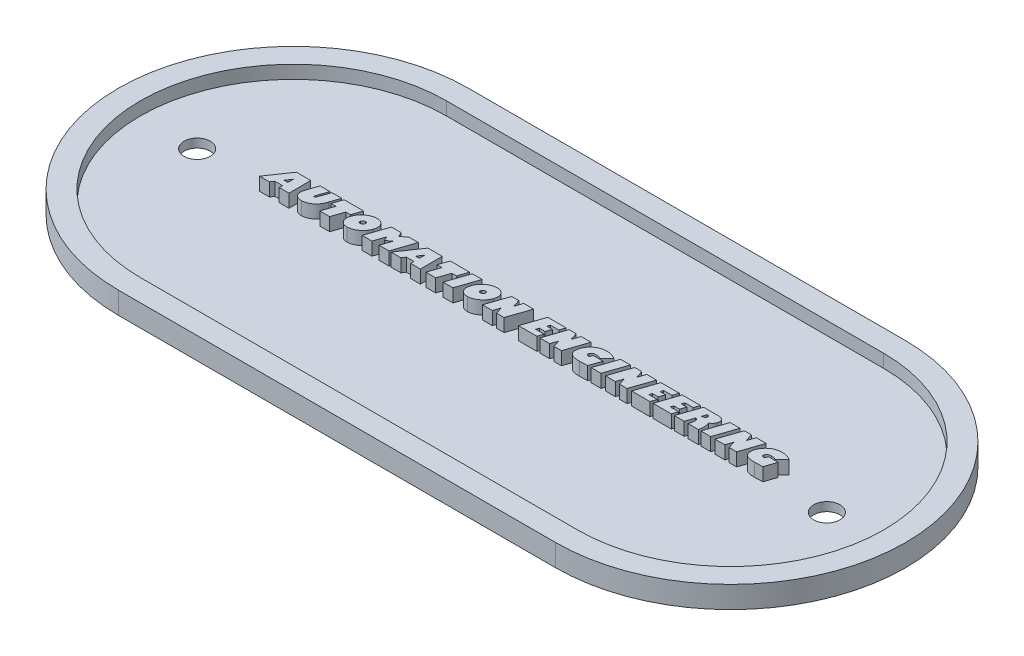
from build123d import *

# Parameters (mm, degrees)
BOSS_EXTRUDE1_DEPTH = 5
CUT_EXTRUDE1_DEPTH  = 3
BOSS_EXTRUDE2_DEPTH = 3
SKETCH4_R           = 3
CUT_EXTRUDE2_DEPTH  = 3


with BuildPart() as part:
    # Sketch1 → Boss-Extrude1 (new body)
    with BuildSketch(Plane(origin=(0, 0, 0), x_dir=(1, 0, 0), z_dir=(0, 1, 0))):
        with BuildLine():
            Line((0, 40), (100, 40))
            ThreePointArc((100, 40), (140, 0), (100, -40))
            Line((100, -40), (0, -40))
            ThreePointArc((0, -40), (-40, 0), (0, 40))
        make_face()
    extrude(amount=BOSS_EXTRUDE1_DEPTH)

    # Sketch2 → Cut-Extrude1 (cut)
    with BuildSketch(Plane(origin=(0, 5, 0), x_dir=(1, 0, 0), z_dir=(0, 1, 0))):
        with BuildLine():
            Line((100, 35), (0, 35))
            ThreePointArc((0, 35), (-35, 0), (0, -35))
            Line((0, -35), (100, -35))
            ThreePointArc((100, -35), (135, 0), (100, 35))
        make_face()
    extrude(amount=-CUT_EXTRUDE1_DEPTH, mode=Mode.SUBTRACT)

    # Sketch3 → Boss-Extrude2 (add)
    with BuildSketch(Plane(origin=(0, 2, 0), x_dir=(1, 0, 0), z_dir=(0, 1, 0))):
        Polygon((-4.188884775, -1.288840129), (-6.424236337, -1.288840129), (-3.008220712, 3.711159871), (0.265216788, 3.711159871), (0.288654288, -1.288840129), (-1.941814462, -1.288840129), (-1.92911915, -0.538840129), (-3.6908379, -0.538840129), align=None)
        Polygon((-2.821697275, 0.711159871), (-1.950603525, 0.711159871), (-1.957439462, 1.977761434), align=None, mode=Mode.SUBTRACT)
        with BuildLine():
            Line((7.350177725, 3.711159871), (6.5825996, 1.452370809))
            add(Edge.make_bspline(
                [(6.5825996, 1.452370809), (6.561528943, 1.391672481), (6.51993875, 1.271863444), (6.451088904, 1.096810885), (6.379022821, 0.927677441), (6.302731167, 0.765034597), (6.22419065, 0.608014453), (6.139413198, 0.458943169), (6.053201046, 0.314953178), (5.961679396, 0.178448604), (5.868605787, 0.046769398), (5.769267873, -0.076711984), (5.668200553, -0.195437621), (5.562169695, -0.306802321), (5.453113332, -0.412524789), (5.339333504, -0.511189098), (5.222532954, -0.603989697), (5.063174105, -0.717351463), (4.861401063, -0.845063964), (4.617489679, -0.980503928), (4.373406615, -1.094467347), (4.129495714, -1.187416274), (3.886308035, -1.261487565), (3.642971416, -1.313493016), (3.400138789, -1.344532245), (3.238284821, -1.34907902), (3.157794913, -1.351340129)],
                knots=[0, 0, 0, 0, 0.000192737, 0.000380433, 0.000564185, 0.000744182, 0.000919314, 0.001090714, 0.00125853, 0.001422665, 0.001583641, 0.001742103, 0.001897916, 0.00205127, 0.002203213, 0.002353416, 0.002502881, 0.002650575, 0.002939909, 0.003218776, 0.003487032, 0.003747293, 0.004001248, 0.004248904, 0.004492976, 0.004734426, 0.004734426, 0.004734426, 0.004734426], degree=3))
            add(Edge.make_bspline(
                [(3.157794913, -1.351340129), (3.100470526, -1.350126516), (2.987532139, -1.347735499), (2.821206213, -1.331477332), (2.66141658, -1.301644662), (2.507644689, -1.261677556), (2.359490277, -1.210998138), (2.217428305, -1.148184529), (2.081297703, -1.074036157), (1.9533166, -0.988182758), (1.834193504, -0.894750881), (1.728951938, -0.79141544), (1.637789293, -0.680655976), (1.559963329, -0.563097113), (1.496987468, -0.438225001), (1.449035389, -0.306027719), (1.41448879, -0.166633129), (1.395636398, -0.018879925), (1.389273303, 0.13788184), (1.394303174, 0.305630259), (1.412542864, 0.484918936), (1.442195983, 0.675862105), (1.483537547, 0.878159703), (1.536722396, 1.092072903), (1.600865349, 1.318023704), (1.651965434, 1.471120203), (1.678302725, 1.550027059)],
                knots=[0, 0, 0, 0, 0.000171975, 0.000338818, 0.000500672, 0.000659134, 0.000815094, 0.000969875, 0.001124582, 0.001279508, 0.001431717, 0.001578117, 0.001721036, 0.001861339, 0.00200022, 0.002139554, 0.002282376, 0.002430157, 0.002585581, 0.002752644, 0.002933189, 0.003125859, 0.003332127, 0.0035524, 0.003787013, 0.004036543, 0.004036543, 0.004036543, 0.004036543], degree=3))
            Line((1.678302725, 1.550027059), (2.412677725, 3.711159871))
            Line((2.412677725, 3.711159871), (4.662677725, 3.711159871))
            Line((4.662677725, 3.711159871), (3.878498038, 1.403542684))
            add(Edge.make_bspline(
                [(3.878498038, 1.403542684), (3.868716673, 1.373927013), (3.850153777, 1.317722928), (3.824105029, 1.238021314), (3.804728166, 1.166127365), (3.789319836, 1.103244779), (3.776840781, 1.049044283), (3.769844851, 1.003050708), (3.767147794, 0.965339942), (3.770791335, 0.927967408), (3.783336239, 0.891072187), (3.811518304, 0.858436501), (3.850952703, 0.838185602), (3.880834881, 0.836872517), (3.897052725, 0.836159871)],
                knots=[0, 0, 0, 0, 9.3572e-05, 0.000177579, 0.000251495, 0.000316866, 0.000371841, 0.000418246, 0.000456382, 0.000484853, 0.000530575, 0.000570721, 0.000611339, 0.000659548, 0.000659548, 0.000659548, 0.000659548], degree=3))
            add(Edge.make_bspline(
                [(3.897052725, 0.836159871), (3.92093615, 0.838096727), (3.969606578, 0.842043715), (4.036562184, 0.879977497), (4.097181554, 0.93703569), (4.138433596, 1.001842447), (4.171116763, 1.064180438), (4.198083722, 1.12025295), (4.226341622, 1.183780252), (4.255785125, 1.254838348), (4.286823132, 1.333259147), (4.318913157, 1.419703546), (4.353377858, 1.513241533), (4.375707893, 1.578623392), (4.3872871, 1.612527059)],
                knots=[0, 0, 0, 0, 7.1128e-05, 0.000144948, 0.000225097, 0.000319354, 0.000373525, 0.000436421, 0.000505928, 0.0005821, 0.000667151, 0.000758932, 0.000858718, 0.000966194, 0.000966194, 0.000966194, 0.000966194], degree=3))
            Line((4.3872871, 1.612527059), (5.100177725, 3.711159871))
            Line((5.100177725, 3.711159871), (7.350177725, 3.711159871))
        make_face()
        Polygon((7.148029288, 1.461159871), (7.912677725, 3.711159871), (12.350177725, 3.711159871), (11.585529288, 1.461159871), (10.523029288, 1.461159871), (9.588458975, -1.288840129), (7.338458975, -1.288840129), (8.273029288, 1.461159871), align=None)
        with BuildLine():
            add(Edge.make_bspline(
                [(13.627521475, -1.351340129), (13.583561474, -1.350796161), (13.497178768, -1.349727248), (13.370061346, -1.340762352), (13.24751814, -1.326131271), (13.12942109, -1.305935815), (13.015884943, -1.27897351), (12.906408034, -1.24882555), (12.802180551, -1.209593571), (12.701900593, -1.166603162), (12.606891004, -1.115895536), (12.515337937, -1.061392751), (12.428578039, -1.000261562), (12.347631328, -0.931600004), (12.268552167, -0.860356867), (12.197067883, -0.78018673), (12.127741694, -0.69634614), (12.065009853, -0.605837634), (12.007850315, -0.511302129), (11.955188469, -0.414358381), (11.911041513, -0.314131797), (11.872101974, -0.211665114), (11.841288813, -0.106445333), (11.816650147, 0.001162076), (11.799372931, 0.11148078), (11.787057102, 0.224220573), (11.783971005, 0.339726373), (11.785518224, 0.457403711), (11.794594015, 0.577691662), (11.810091757, 0.700604578), (11.833183498, 0.825887934), (11.860989714, 0.954214889), (11.897493007, 1.084636002), (11.925724318, 1.171866581), (11.940021475, 1.216042684)],
                knots=[0, 0, 0, 0, 0.000131868, 0.000259125, 0.000382072, 0.000502002, 0.000618311, 0.000732063, 0.000842363, 0.000952129, 0.001059151, 0.001165165, 0.001271651, 0.001377057, 0.001483479, 0.001590621, 0.00169891, 0.001809714, 0.001920587, 0.00203025, 0.002140411, 0.00224888, 0.002358881, 0.002469042, 0.00257982, 0.002693706, 0.002809007, 0.002926211, 0.003046649, 0.003170684, 0.003297686, 0.003428713, 0.003564469, 0.003703762, 0.003703762, 0.003703762, 0.003703762], degree=3))
            add(Edge.make_bspline(
                [(11.940021475, 1.216042684), (11.971985658, 1.304258434), (12.035715002, 1.480140664), (12.159168891, 1.732069312), (12.297987205, 1.975959106), (12.460684892, 2.207107088), (12.640632985, 2.430061961), (12.841440984, 2.641909651), (13.061779531, 2.84352157), (13.299578352, 3.031921176), (13.54701628, 3.205409179), (13.801004745, 3.356182338), (14.056617223, 3.485002992), (14.314294642, 3.590943377), (14.574981228, 3.672983786), (14.837852997, 3.729840741), (15.103024146, 3.767043349), (15.280719138, 3.771452009), (15.369708975, 3.773659871)],
                knots=[0, 0, 0, 0, 0.000281294, 0.000560837, 0.000840401, 0.001122413, 0.001407772, 0.001699295, 0.001997204, 0.002302995, 0.002608847, 0.00290311, 0.003188297, 0.003466848, 0.003738034, 0.004006974, 0.004272979, 0.004539838, 0.004539838, 0.004539838, 0.004539838], degree=3))
            add(Edge.make_bspline(
                [(15.369708975, 3.773659871), (15.413669609, 3.773113522), (15.500378341, 3.772035893), (15.628132506, 3.763031563), (15.751381162, 3.7486629), (15.869581057, 3.72781059), (15.983636095, 3.702916917), (16.092852199, 3.6706259), (16.197551722, 3.632056052), (16.298616716, 3.589726485), (16.394379939, 3.539645386), (16.485222335, 3.483455231), (16.572900297, 3.423355348), (16.654476411, 3.355587324), (16.732134157, 3.282913284), (16.805831307, 3.204807225), (16.873729993, 3.119765191), (16.936934697, 3.029860946), (16.995877113, 2.936959791), (17.046350284, 2.839471782), (17.091412339, 2.740196205), (17.129835694, 2.63814631), (17.160704685, 2.533234401), (17.186718259, 2.426181183), (17.20364598, 2.316023448), (17.215716524, 2.20394243), (17.220467709, 2.089126518), (17.218403626, 1.971755939), (17.209690353, 1.851758744), (17.193422991, 1.729356789), (17.172725142, 1.604259671), (17.142345679, 1.47722246), (17.107804747, 1.346973578), (17.079446051, 1.260186635), (17.065021475, 1.216042684)],
                knots=[0, 0, 0, 0, 0.000131868, 0.0002601, 0.000384015, 0.000503946, 0.000620038, 0.000734062, 0.000845278, 0.000954658, 0.001062545, 0.001169066, 0.001274991, 0.001381149, 0.001486857, 0.001593945, 0.001702993, 0.001812998, 0.001923553, 0.002032757, 0.002142028, 0.002250497, 0.002359562, 0.002469943, 0.002580722, 0.002693636, 0.002807998, 0.002925202, 0.003045641, 0.003168707, 0.00329554, 0.003425829, 0.003560386, 0.003699679, 0.003699679, 0.003699679, 0.003699679], degree=3))
            add(Edge.make_bspline(
                [(17.065021475, 1.216042684), (17.032630371, 1.127549038), (16.96809265, 0.951229694), (16.845235331, 0.697700717), (16.704721643, 0.453880407), (16.543698257, 0.220390278), (16.362309808, -0.002461392), (16.161736292, -0.215711568), (15.941212331, -0.418519028), (15.702944607, -0.60744186), (15.454827623, -0.781025454), (15.200913058, -0.93302984), (14.945202745, -1.062883668), (14.685886749, -1.167504316), (14.424969262, -1.250682962), (14.161002673, -1.30757896), (13.895180389, -1.34472064), (13.716836852, -1.349131265), (13.627521475, -1.351340129)],
                knots=[0, 0, 0, 0, 0.000282556, 0.000562979, 0.000843878, 0.001126136, 0.001412869, 0.001705102, 0.002003672, 0.002310835, 0.002616687, 0.002911451, 0.003197948, 0.003476131, 0.003749473, 0.004018413, 0.004285386, 0.004553221, 0.004553221, 0.004553221, 0.004553221], degree=3))
        make_face()
        with BuildLine():
            add(Edge.make_bspline(
                [(14.71150585, 1.836159871), (14.676189649, 1.834465178), (14.605543719, 1.831075142), (14.501346221, 1.803457787), (14.400786652, 1.75763273), (14.305681986, 1.695347215), (14.217974186, 1.621389385), (14.144331495, 1.53545469), (14.083828594, 1.440734529), (14.057043783, 1.371215826), (14.0435371, 1.336159871)],
                knots=[0, 0, 0, 0, 0.000105834, 0.000211709, 0.00032098, 0.000436102, 0.00055177, 0.000663943, 0.000774498, 0.000886955, 0.000886955, 0.000886955, 0.000886955], degree=3))
            add(Edge.make_bspline(
                [(14.0435371, 1.336159871), (14.033416355, 1.301951851), (14.01439594, 1.237663029), (14.007373001, 1.1412063), (14.023193221, 1.053519495), (14.059257316, 0.976062661), (14.115577298, 0.9130412), (14.187828074, 0.867172941), (14.27545321, 0.840264738), (14.338259639, 0.837585027), (14.3716621, 0.836159871)],
                knots=[0, 0, 0, 0, 0.000106821, 0.000200754, 0.00028714, 0.000371447, 0.000453763, 0.0005372, 0.000625226, 0.000725223, 0.000725223, 0.000725223, 0.000725223], degree=3))
            add(Edge.make_bspline(
                [(14.3716621, 0.836159871), (14.407622887, 0.837845869), (14.479224196, 0.841202848), (14.584528146, 0.868592362), (14.684957772, 0.914912651), (14.781050636, 0.975771676), (14.867835643, 1.050998061), (14.941676502, 1.137090313), (15.003400896, 1.231293615), (15.030103323, 1.301060641), (15.0435371, 1.336159871)],
                knots=[0, 0, 0, 0, 0.000107781, 0.000214602, 0.000323872, 0.000438467, 0.000554773, 0.000666946, 0.000778021, 0.000890478, 0.000890478, 0.000890478, 0.000890478], degree=3))
            add(Edge.make_bspline(
                [(15.0435371, 1.336159871), (15.053799453, 1.370363934), (15.073080634, 1.434627434), (15.07834329, 1.531113454), (15.06325572, 1.618627187), (15.026207804, 1.695509823), (14.970922983, 1.759283517), (14.897966979, 1.805339297), (14.809326311, 1.832109566), (14.745558356, 1.83474991), (14.71150585, 1.836159871)],
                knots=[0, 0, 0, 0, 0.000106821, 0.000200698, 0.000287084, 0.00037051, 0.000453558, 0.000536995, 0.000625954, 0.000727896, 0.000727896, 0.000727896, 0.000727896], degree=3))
◇ ◇ ◇ ◇
#### What the task requires
Your answer should be the lines above, from the line containing "Line((100, 35), (0, 35))" up to and including the line containing "(-3.6908379, -0.538840129), align=None)", reproduced exactly and with nothing else.

#### Written response
            Line((100, 35), (0, 35))
            ThreePointArc((0, 35), (-35, 0), (0, -35))
            Line((0, -35), (100, -35))
            ThreePointArc((100, -35), (135, 0), (100, 35))
        make_face()
    extrude(amount=-CUT_EXTRUDE1_DEPTH, mode=Mode.SUBTRACT)

    # Sketch3 → Boss-Extrude2 (add)
    with BuildSketch(Plane(origin=(0, 2, 0), x_dir=(1, 0, 0), z_dir=(0, 1, 0))):
        Polygon((-4.188884775, -1.288840129), (-6.424236337, -1.288840129), (-3.008220712, 3.711159871), (0.265216788, 3.711159871), (0.288654288, -1.288840129), (-1.941814462, -1.288840129), (-1.92911915, -0.538840129), (-3.6908379, -0.538840129), align=None)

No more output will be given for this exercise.